## WORK TO COMPLETE
Each record must be retyped word for word.

## MATERIAL PROVIDED
↓↓↓
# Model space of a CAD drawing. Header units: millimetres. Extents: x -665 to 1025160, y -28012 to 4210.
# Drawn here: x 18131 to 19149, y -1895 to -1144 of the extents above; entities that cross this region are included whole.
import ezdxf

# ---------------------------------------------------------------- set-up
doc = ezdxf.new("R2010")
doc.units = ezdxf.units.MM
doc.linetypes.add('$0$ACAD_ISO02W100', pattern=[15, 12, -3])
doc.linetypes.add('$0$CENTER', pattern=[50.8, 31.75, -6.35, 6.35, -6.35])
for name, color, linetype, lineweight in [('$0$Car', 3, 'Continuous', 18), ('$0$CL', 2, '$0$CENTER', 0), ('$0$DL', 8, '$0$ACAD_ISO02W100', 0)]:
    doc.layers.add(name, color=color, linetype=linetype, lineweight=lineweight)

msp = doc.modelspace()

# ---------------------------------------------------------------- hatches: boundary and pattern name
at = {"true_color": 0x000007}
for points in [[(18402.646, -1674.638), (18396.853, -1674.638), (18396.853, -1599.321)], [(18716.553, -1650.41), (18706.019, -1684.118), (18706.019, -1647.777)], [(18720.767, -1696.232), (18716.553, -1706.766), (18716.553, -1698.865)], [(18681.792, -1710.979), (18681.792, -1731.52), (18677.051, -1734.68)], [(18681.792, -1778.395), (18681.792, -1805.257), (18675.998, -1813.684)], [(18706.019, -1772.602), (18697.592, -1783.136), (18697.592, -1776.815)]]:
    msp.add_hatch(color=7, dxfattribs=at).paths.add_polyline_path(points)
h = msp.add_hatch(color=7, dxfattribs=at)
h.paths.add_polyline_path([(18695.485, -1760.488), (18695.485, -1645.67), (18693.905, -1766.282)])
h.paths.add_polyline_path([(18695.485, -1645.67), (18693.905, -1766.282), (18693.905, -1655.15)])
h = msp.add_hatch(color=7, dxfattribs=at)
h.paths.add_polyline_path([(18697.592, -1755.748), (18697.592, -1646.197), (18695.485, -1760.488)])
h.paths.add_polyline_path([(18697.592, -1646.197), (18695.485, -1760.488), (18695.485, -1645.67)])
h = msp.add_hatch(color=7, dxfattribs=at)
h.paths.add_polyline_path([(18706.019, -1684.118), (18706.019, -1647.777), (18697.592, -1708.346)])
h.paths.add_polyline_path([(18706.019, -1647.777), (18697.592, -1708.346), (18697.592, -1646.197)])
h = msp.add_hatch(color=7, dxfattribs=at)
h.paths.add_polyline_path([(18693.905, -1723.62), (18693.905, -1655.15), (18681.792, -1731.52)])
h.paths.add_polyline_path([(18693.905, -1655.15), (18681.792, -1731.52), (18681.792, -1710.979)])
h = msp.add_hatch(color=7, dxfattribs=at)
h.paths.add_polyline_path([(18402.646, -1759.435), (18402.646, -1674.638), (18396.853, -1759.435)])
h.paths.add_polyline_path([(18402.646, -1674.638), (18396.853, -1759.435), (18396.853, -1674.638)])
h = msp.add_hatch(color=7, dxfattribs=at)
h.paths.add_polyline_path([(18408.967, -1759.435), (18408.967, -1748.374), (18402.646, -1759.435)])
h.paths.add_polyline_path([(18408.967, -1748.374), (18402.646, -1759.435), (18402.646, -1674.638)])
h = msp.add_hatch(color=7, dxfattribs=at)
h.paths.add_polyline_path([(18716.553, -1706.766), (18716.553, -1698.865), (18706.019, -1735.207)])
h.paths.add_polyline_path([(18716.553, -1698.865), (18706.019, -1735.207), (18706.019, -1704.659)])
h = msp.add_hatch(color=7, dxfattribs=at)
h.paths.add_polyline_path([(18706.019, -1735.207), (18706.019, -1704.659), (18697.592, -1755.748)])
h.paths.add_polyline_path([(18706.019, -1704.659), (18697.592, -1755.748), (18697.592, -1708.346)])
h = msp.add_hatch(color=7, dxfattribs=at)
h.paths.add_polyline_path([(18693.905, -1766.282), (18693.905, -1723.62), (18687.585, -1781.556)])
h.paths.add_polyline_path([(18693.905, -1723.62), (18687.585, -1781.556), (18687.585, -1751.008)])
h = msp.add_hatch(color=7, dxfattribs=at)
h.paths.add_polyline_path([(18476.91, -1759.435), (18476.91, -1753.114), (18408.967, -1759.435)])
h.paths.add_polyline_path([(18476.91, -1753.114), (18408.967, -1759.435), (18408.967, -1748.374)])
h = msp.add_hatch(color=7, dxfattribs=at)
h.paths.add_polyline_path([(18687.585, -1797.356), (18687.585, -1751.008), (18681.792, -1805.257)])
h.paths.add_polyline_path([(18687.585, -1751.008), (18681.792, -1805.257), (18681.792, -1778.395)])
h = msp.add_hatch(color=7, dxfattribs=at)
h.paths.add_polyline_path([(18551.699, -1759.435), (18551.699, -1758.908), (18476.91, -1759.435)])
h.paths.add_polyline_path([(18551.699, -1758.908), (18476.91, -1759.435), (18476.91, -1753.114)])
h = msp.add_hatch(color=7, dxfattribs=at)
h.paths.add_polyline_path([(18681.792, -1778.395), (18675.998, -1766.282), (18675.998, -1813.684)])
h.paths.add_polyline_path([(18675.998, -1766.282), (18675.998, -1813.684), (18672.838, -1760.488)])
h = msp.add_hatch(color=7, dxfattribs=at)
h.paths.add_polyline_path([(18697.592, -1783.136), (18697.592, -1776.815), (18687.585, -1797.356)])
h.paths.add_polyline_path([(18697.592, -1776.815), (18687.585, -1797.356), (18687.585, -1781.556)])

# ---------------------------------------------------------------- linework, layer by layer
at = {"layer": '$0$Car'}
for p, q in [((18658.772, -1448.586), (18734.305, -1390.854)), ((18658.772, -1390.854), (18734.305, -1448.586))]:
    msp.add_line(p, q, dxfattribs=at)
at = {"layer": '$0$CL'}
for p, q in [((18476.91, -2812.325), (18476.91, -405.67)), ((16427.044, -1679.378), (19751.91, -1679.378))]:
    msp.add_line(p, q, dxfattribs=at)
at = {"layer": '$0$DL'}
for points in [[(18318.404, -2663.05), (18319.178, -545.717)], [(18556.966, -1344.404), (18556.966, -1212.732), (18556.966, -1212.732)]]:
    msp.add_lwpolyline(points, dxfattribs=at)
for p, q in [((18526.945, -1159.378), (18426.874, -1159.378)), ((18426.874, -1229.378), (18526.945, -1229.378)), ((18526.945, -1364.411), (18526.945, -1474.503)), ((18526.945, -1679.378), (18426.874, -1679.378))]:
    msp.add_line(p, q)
↑↑↑
## THE COMPLETED TASK
# Model space of a CAD drawing. Header units: millimetres. Extents: x -665 to 1025160, y -28012 to 4210.
# Drawn here: x 18131 to 19149, y -1895 to -1144 of the extents above; entities that cross this region are included whole.
import ezdxf

# ---------------------------------------------------------------- set-up
doc = ezdxf.new("R2010")
doc.units = ezdxf.units.MM
doc.linetypes.add('$0$ACAD_ISO02W100', pattern=[15, 12, -3])
doc.linetypes.add('$0$CENTER', pattern=[50.8, 31.75, -6.35, 6.35, -6.35])
for name, color, linetype, lineweight in [('$0$Car', 3, 'Continuous', 18), ('$0$CL', 2, '$0$CENTER', 0), ('$0$DL', 8, '$0$ACAD_ISO02W100', 0)]:
    doc.layers.add(name, color=color, linetype=linetype, lineweight=lineweight)

msp = doc.modelspace()

# ---------------------------------------------------------------- hatches: boundary and pattern name
at = {"true_color": 0x000007}
for points in [[(18402.646, -1674.638), (18396.853, -1674.638), (18396.853, -1599.321)], [(18716.553, -1650.41), (18706.019, -1684.118), (18706.019, -1647.777)], [(18720.767, -1696.232), (18716.553, -1706.766), (18716.553, -1698.865)], [(18681.792, -1710.979), (18681.792, -1731.52), (18677.051, -1734.68)], [(18681.792, -1778.395), (18681.792, -1805.257), (18675.998, -1813.684)], [(18706.019, -1772.602), (18697.592, -1783.136), (18697.592, -1776.815)]]:
    msp.add_hatch(color=7, dxfattribs=at).paths.add_polyline_path(points)
h = msp.add_hatch(color=7, dxfattribs=at)
h.paths.add_polyline_path([(18695.485, -1760.488), (18695.485, -1645.67), (18693.905, -1766.282)])
h.paths.add_polyline_path([(18695.485, -1645.67), (18693.905, -1766.282), (18693.905, -1655.15)])
h = msp.add_hatch(color=7, dxfattribs=at)
h.paths.add_polyline_path([(18697.592, -1755.748), (18697.592, -1646.197), (18695.485, -1760.488)])
h.paths.add_polyline_path([(18697.592, -1646.197), (18695.485, -1760.488), (18695.485, -1645.67)])
h = msp.add_hatch(color=7, dxfattribs=at)
h.paths.add_polyline_path([(18706.019, -1684.118), (18706.019, -1647.777), (18697.592, -1708.346)])
h.paths.add_polyline_path([(18706.019, -1647.777), (18697.592, -1708.346), (18697.592, -1646.197)])
h = msp.add_hatch(color=7, dxfattribs=at)
h.paths.add_polyline_path([(18693.905, -1723.62), (18693.905, -1655.15), (18681.792, -1731.52)])
h.paths.add_polyline_path([(18693.905, -1655.15), (18681.792, -1731.52), (18681.792, -1710.979)])
h = msp.add_hatch(color=7, dxfattribs=at)
h.paths.add_polyline_path([(18402.646, -1759.435), (18402.646, -1674.638), (18396.853, -1759.435)])
h.paths.add_polyline_path([(18402.646, -1674.638), (18396.853, -1759.435), (18396.853, -1674.638)])
h = msp.add_hatch(color=7, dxfattribs=at)
h.paths.add_polyline_path([(18408.967, -1759.435), (18408.967, -1748.374), (18402.646, -1759.435)])
h.paths.add_polyline_path([(18408.967, -1748.374), (18402.646, -1759.435), (18402.646, -1674.638)])
h = msp.add_hatch(color=7, dxfattribs=at)
h.paths.add_polyline_path([(18716.553, -1706.766), (18716.553, -1698.865), (18706.019, -1735.207)])
h.paths.add_polyline_path([(18716.553, -1698.865), (18706.019, -1735.207), (18706.019, -1704.659)])
h = msp.add_hatch(color=7, dxfattribs=at)
h.paths.add_polyline_path([(18706.019, -1735.207), (18706.019, -1704.659), (18697.592, -1755.748)])
h.paths.add_polyline_path([(18706.019, -1704.659), (18697.592, -1755.748), (18697.592, -1708.346)])
h = msp.add_hatch(color=7, dxfattribs=at)
h.paths.add_polyline_path([(18693.905, -1766.282), (18693.905, -1723.62), (18687.585, -1781.556)])
h.paths.add_polyline_path([(18693.905, -1723.62), (18687.585, -1781.556), (18687.585, -1751.008)])
h = msp.add_hatch(color=7, dxfattribs=at)
h.paths.add_polyline_path([(18476.91, -1759.435), (18476.91, -1753.114), (18408.967, -1759.435)])
h.paths.add_polyline_path([(18476.91, -1753.114), (18408.967, -1759.435), (18408.967, -1748.374)])
h = msp.add_hatch(color=7, dxfattribs=at)
h.paths.add_polyline_path([(18687.585, -1797.356), (18687.585, -1751.008), (18681.792, -1805.257)])
h.paths.add_polyline_path([(18687.585, -1751.008), (18681.792, -1805.257), (18681.792, -1778.395)])
h = msp.add_hatch(color=7, dxfattribs=at)
h.paths.add_polyline_path([(18551.699, -1759.435), (18551.699, -1758.908), (18476.91, -1759.435)])
h.paths.add_polyline_path([(18551.699, -1758.908), (18476.91, -1759.435), (18476.91, -1753.114)])
h = msp.add_hatch(color=7, dxfattribs=at)
h.paths.add_polyline_path([(18681.792, -1778.395), (18675.998, -1766.282), (18675.998, -1813.684)])
h.paths.add_polyline_path([(18675.998, -1766.282), (18675.998, -1813.684), (18672.838, -1760.488)])
h = msp.add_hatch(color=7, dxfattribs=at)
h.paths.add_polyline_path([(18697.592, -1783.136), (18697.592, -1776.815), (18687.585, -1797.356)])
h.paths.add_polyline_path([(18697.592, -1776.815), (18687.585, -1797.356), (18687.585, -1781.556)])

# ---------------------------------------------------------------- linework, layer by layer
at = {"layer": '$0$Car'}
for p, q in [((18658.772, -1448.586), (18734.305, -1390.854)), ((18658.772, -1390.854), (18734.305, -1448.586))]:
    msp.add_line(p, q, dxfattribs=at)
at = {"layer": '$0$CL'}
for p, q in [((18476.91, -2812.325), (18476.91, -405.67)), ((16427.044, -1679.378), (19751.91, -1679.378))]:
    msp.add_line(p, q, dxfattribs=at)
at = {"layer": '$0$DL'}
for points in [[(18318.404, -2663.05), (18319.178, -545.717)], [(18556.966, -1344.404), (18556.966, -1212.732), (18556.966, -1212.732)]]:
    msp.add_lwpolyline(points, dxfattribs=at)
for p, q in [((18526.945, -1159.378), (18426.874, -1159.378)), ((18426.874, -1229.378), (18526.945, -1229.378)), ((18526.945, -1364.411), (18526.945, -1474.503)), ((18526.945, -1679.378), (18426.874, -1679.378))]:
    msp.add_line(p, q)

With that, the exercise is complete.